The Frankfurter Allee container terminal was especially important for freight transport. Some freight trains ran via the link and Lichtenberg to the outer ring. Some trains terminating in Berlin-Lichtenberg ran over the link to carriage yards in this area. After the Second World War, there was a wagon washing facility at the central slaughterhouse and empty freight wagons were transferred from Rummelsburg three times a day for washing.

In December 1984, electrification was completed on the Ringbahn from the south to Frankfurter Allee and on the two link railways.

===After 1990===

After German reunification, traffic flows in passenger transport changed. In 1990, the very heavy traffic that formerly ran through Berlin in the north–south direction decreased significantly. In addition, rail freight traffic declined. The Frankfurter Allee container terminal was closed in late 1999. The central slaughterhouse was closed in 1991 and the former Berlin-Pankow marshalling yard was closed in 1997. Several years later the connection in Pankow to the north was reinstated. With the re-opening of the Berlin Stadtbahn for long-distance transport, Lichtenberg station became even less important. This has had significant consequences for the links from Rummelsburg and Lichtenberg to the Ringbahn. The traffic to Rummelsburg even ceased completely.

Since 2004, the connection towards Ostkreuz has been blocked because of the preparations for the redevelopment of the station. There remained only limited freight from Lichtenberg to Greifswalder Straße freight yard.

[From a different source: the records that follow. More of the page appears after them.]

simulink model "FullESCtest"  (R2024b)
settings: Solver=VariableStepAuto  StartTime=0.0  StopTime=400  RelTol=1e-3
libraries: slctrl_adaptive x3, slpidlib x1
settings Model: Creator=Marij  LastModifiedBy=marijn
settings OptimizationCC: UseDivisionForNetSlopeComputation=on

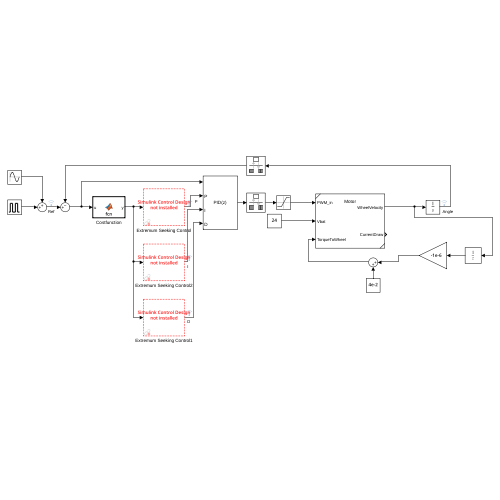
[thumbnail: Simulink's stored preview of the top-level diagram]
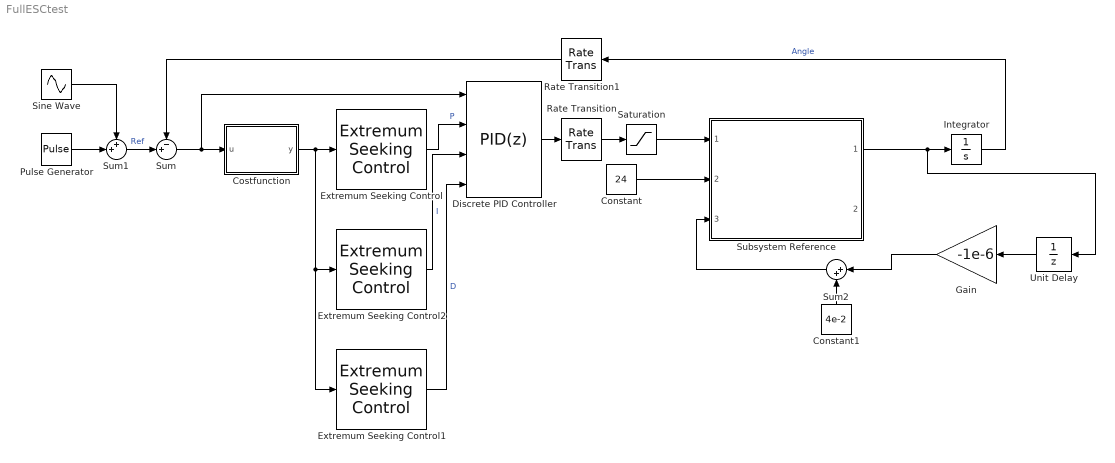
== system FullESCtest ==
  Constant : Constant  Value=24
  Constant1 : Constant  Value=4e-2
  Costfunction : MATLAB Function  TreatAsAtomicUnit=on
  Discrete PID Controller : slpidlib/PID Controller  Controller=PID  Form=Parallel  TimeDomain=Discrete-time  UseExternalTs=off  SampleTime=0.01  IntegratorMethod=Forward Euler  FilterMethod=Forward Euler  ControllerParametersSource=external  P=1  I=1  UseKiTs=off  D=0  UseExternalDerivativeSource=off  N=100  UseFilter=off  TunerSelectOption=Transfer Function Based (PID Tuner App)  InitialConditionSource=internal  InitialConditionForIntegrator=0  InitialConditionForFilter=0  DifferentiatorICPrevScaledInput=0  ExternalReset=none  TrackingMode=off  Kt=1  LimitOutput=off  SatLimitsSource=internal  UpperSaturationLimit=inf  LowerSaturationLimit=-inf  LinearizeAsGain=off  AntiWindupMode=none  Kb=1  LimitIntegrator=off  UpperIntegratorSaturationLimit=inf  LowerIntegratorSaturationLimit=-inf  POutMin=[]  POutMax=[]  IOutMin=[]  IOutMax=[]  DOutMin=[]  DOutMax=[]  NOutMin=[]  NOutMax=[]  SumOutMin=[]  SumOutMax=[]  SaturationOutMin=[]  SaturationOutMax=[]  PParamMin=[]  PParamMax=[]  IParamMin=[]  IParamMax=[]  DParamMin=[]  DParamMax=[]  NParamMin=[]  NParamMax=[]  KbParamMin=[]  KbParamMax=[]  KtParamMin=[]  KtParamMax=[]  KbOutMin=[]  KbOutMax=[]  KtOutMin=[]  KtOutMax=[]  IntegratorOutMin=[]  IntegratorOutMax=[]  FilterOutMin=[]  FilterOutMax=[]  SumI1OutMin=[]  SumI1OutMax=[]  SumI2OutMin=[]  SumI2OutMax=[]  SumI3OutMin=[]  SumI3OutMax=[]  SumI4OutMin=[]  SumI4OutMax=[]  SumDOutMin=[]  SumDOutMax=[]  DifferentiatorOutMin=[]  DifferentiatorOutMax=[]  FilterDiffOutCoefMin=[]  FilterDiffOutCoefMax=[]  ReciprocalOutMin=[]  ReciprocalOutMax=[]  SumDenOutMin=[]  SumDenOutMax=[]  SumNumOutMin=[]  SumNumOutMax=[]  DivideOutMin=[]  DivideOutMax=[]  UdiffTsProdOutMin=[]  UdiffTsProdOutMax=[]  NTsProdOutMin=[]  NTsProdOutMax=[]  UintegralTsProdOutMin=[]  UintegralTsProdOutMax=[]  UngainTsProdOutMin=[]  UngainTsProdOutMax=[]  ClampingZeroOutDataTypeStr=Inherit: Inherit via back propagation  ClampingZeroOutMin=[]  ClampingZeroOutMax=[]  FilterDenConstantOutDataTypeStr=Inherit: Inherit via back propagation  FilterDenConstantOutMin=[]  FilterDenConstantOutMax=[]  PCopyOutDataTypeStr=Inherit: Inherit via back propagation  PCopyOutMin=[]  PCopyOutMax=[]  NCopyOutDataTypeStr=Inherit: Inherit via back propagation  NCopyOutMin=[]  NCopyOutMax=[]  IntegratorContinuousStateAttributes=''  IntegratorStateMustResolveToSignalObject=off  IntegratorRTWStateStorageClass=Auto  FilterContinuousStateAttributes=''  FilterStateMustResolveToSignalObject=off  FilterRTWStateStorageClass=Auto  ParallelPVariant=ExternalParameters  IdealPVariant=Disabled  IVariant=ExternalParameters  DVariant=ExternalParameters  IntegratorVariant=Discrete  SatVariant=Disabled  AWVariant=Passthrough  PCopyVariant=Disabled  TRVariant=Disabled  FdbkBlocksVariant=Forward  IdealPFdbkVariant=Disabled  SatFdbkVariant=Disabled  DerivativeFilterVariant=Differentiator  NVariant=Passthrough  NCopyVariant=Disabled_SignalSpec  FilterICVariant=InternalICsDifferentiator  IntegratorICVariant=InternalICs  ExternalResetVariant=Disabled  TRSumVariant=Passthrough  SumFdbkVariant=Disabled  SumVariant=Sum_PID  TsampFilterVariant=InternalTs  TsampNgainVariant=Passthrough  TsampIntegralVariant=Disabled_SignalSpec  ExternalSaturationOutDataTypeStr=Inherit: Same as second input  DerivativeSourceVariant=ErrorSignal  PreIntVariant=InternalPreInt
      settings: LibrarySourceBlock=simulink/Discrete/Discrete PID Controller
  Extremum Seeking Control : slctrl_adaptive/Extremum Seeking Control  timeDomainStatus=Discrete time  SampleTime=0.01  IntegratorMethods=Trapezoidal  paramCount=1  initialVal=0.001  omega=1  gain=3e-3  demodAmp=1  demodPhase=0  modAmp=1e-5  modPhase=0  highPassEnable=off  highPassCutoff=0.5  lowPassEnable=on  lowPassCutoff=1.0  estimatedVarOn=off  HPFFreq=-0.99501  LPFFreq=-0.99005  SampleTimeVar=0.01
      settings: LibrarySourceBlock=slctrlblks/Adaptive Control/Extremum Seeking Control
  Extremum Seeking Control1 : slctrl_adaptive/Extremum Seeking Control  timeDomainStatus=Discrete time  SampleTime=0.01  IntegratorMethods=Trapezoidal  paramCount=1  initialVal=0.05  omega=1.2  gain=5e-5  demodAmp=1  demodPhase=0  modAmp=0.0005  modPhase=0  highPassEnable=on  highPassCutoff=0.1  lowPassEnable=on  lowPassCutoff=1  estimatedVarOn=off  HPFFreq=-0.999  LPFFreq=-0.99005  SampleTimeVar=0.01
      settings: LibrarySourceBlock=slctrlblks/Adaptive Control/Extremum Seeking Control
  Extremum Seeking Control2 : slctrl_adaptive/Extremum Seeking Control  timeDomainStatus=Discrete time  SampleTime=0.01  IntegratorMethods=Trapezoidal  paramCount=1  initialVal=5e-3  omega=1.4  gain=5e-5  demodAmp=1  demodPhase=0  modAmp=5e-5  modPhase=0  highPassEnable=on  highPassCutoff=0.1  lowPassEnable=on  lowPassCutoff=1  estimatedVarOn=off  HPFFreq=-0.999  LPFFreq=-0.99005  SampleTimeVar=0.01
      settings: LibrarySourceBlock=slctrlblks/Adaptive Control/Extremum Seeking Control
  Gain : Gain  Gain=-1e-6
  Integrator : Integrator
  Pulse Generator : DiscretePulseGenerator  PulseType=Time based  Period=10  PulseWidth=50  PhaseDelay=5
  Rate Transition : RateTransition  OutPortSampleTime=1e-3
  Rate Transition1 : RateTransition  OutPortSampleTime=1e-2
  Saturation : Saturate  UpperLimit=1  LowerLimit=-1
  Sine Wave : Sin  Frequency=0.5  SampleTime=0
  Subsystem Reference : Subsystem  ReferencedSubsystem=Motor
  Sum : Sum  Inputs=-+|
  Sum1 : Sum  Inputs=++|
  Sum2 : Sum  Inputs=|++
  Unit Delay : UnitDelay  SampleTime=-1  HasFrameUpgradeWarning=on
  wires:
  Constant/1 -> Subsystem Reference/2
  Sum/1 -> Discrete PID Controller/1, Costfunction/1(u)
  Subsystem Reference/1 -> Unit Delay/1, Integrator/1
  Costfunction/1(y) -> Extremum Seeking Control2/1, Extremum Seeking Control1/1, Extremum Seeking Control/1
  Discrete PID Controller/1 -> Rate Transition/1
  Integrator/1 -> Rate Transition1/1  "Angle"
  Unit Delay/1 -> Gain/1
  Extremum Seeking Control/1 -> Discrete PID Controller/2  "P"
  Extremum Seeking Control1/1 -> Discrete PID Controller/4  "D"
  Rate Transition/1 -> Saturation/1
  Rate Transition1/1 -> Sum/1
  Saturation/1 -> Subsystem Reference/1
  Sum1/1 -> Sum/2  "Ref"
  Pulse Generator/1 -> Sum1/2
  Sine Wave/1 -> Sum1/1
  Gain/1 -> Sum2/1
  Sum2/1 -> Subsystem Reference/3
  Constant1/1 -> Sum2/2
  Extremum Seeking Control2/1 -> Discrete PID Controller/3  "I"

== matlab function FullESCtest/Costfunction ==
  data: u input; y output
function y = fcn(u)
% y = abs(u);
% y = u^2;
y = abs(u^7);

Since the completion of the new Berlin Hauptbahnhof and the north–south mainline, several long-distance trains heading south begin and end in Berlin-Gesundbrunnen station. These trains are maintained at the Rummelsburg depot. To transfer these trains from Gesundbrunnen to Rummelsburg it was necessary to restore the line from Frankfurter Allee to Rummelsburg. The track was renovated from 2004 to 2006. The viaduct over the line to Frankfurt in Rummelsburg was replaced by a single-track structure, which was completed in late 2005. There will be new traffic on the link to Ostkreuz from the mid-2010s after the restoration of the regional platform there. Then regional traffic will be routed along this line.

===Passenger traffic===

Scheduled passenger services have only used the links since the 1950s and only to and from Lichtenberg, never to and from Rummelsburg. Part of Berlin-Lichtenberg station was used by long-distance trains using the connection to the Ringbahn. This included both trains heading north (especially to Schwerin), which used the Ringbahn to Schönhauser Allee and ran via Pankow to Karow Cross and trains heading south via Berlin-Schöneweide station to Grünau Cross.

In 1985, some passenger trains from locations on the northern Berlin outer ring to Lichtenberg station were extended in the peak hour over the link towards Ostkreuz and Schöneweide. Although this connection was abandoned in 1990 soon after Die Wende, Regionalbahn services repeatedly ran on this section in the years up to 2003.

There have been occasional passenger services from Lichtenberg to the northern Ringbahn since 2006. In the 2009 timetable, it was used by a scheduled pair of services in the summer season from Berlin-Lichtenberg to Rheinsberg. There are also some night trains on the line.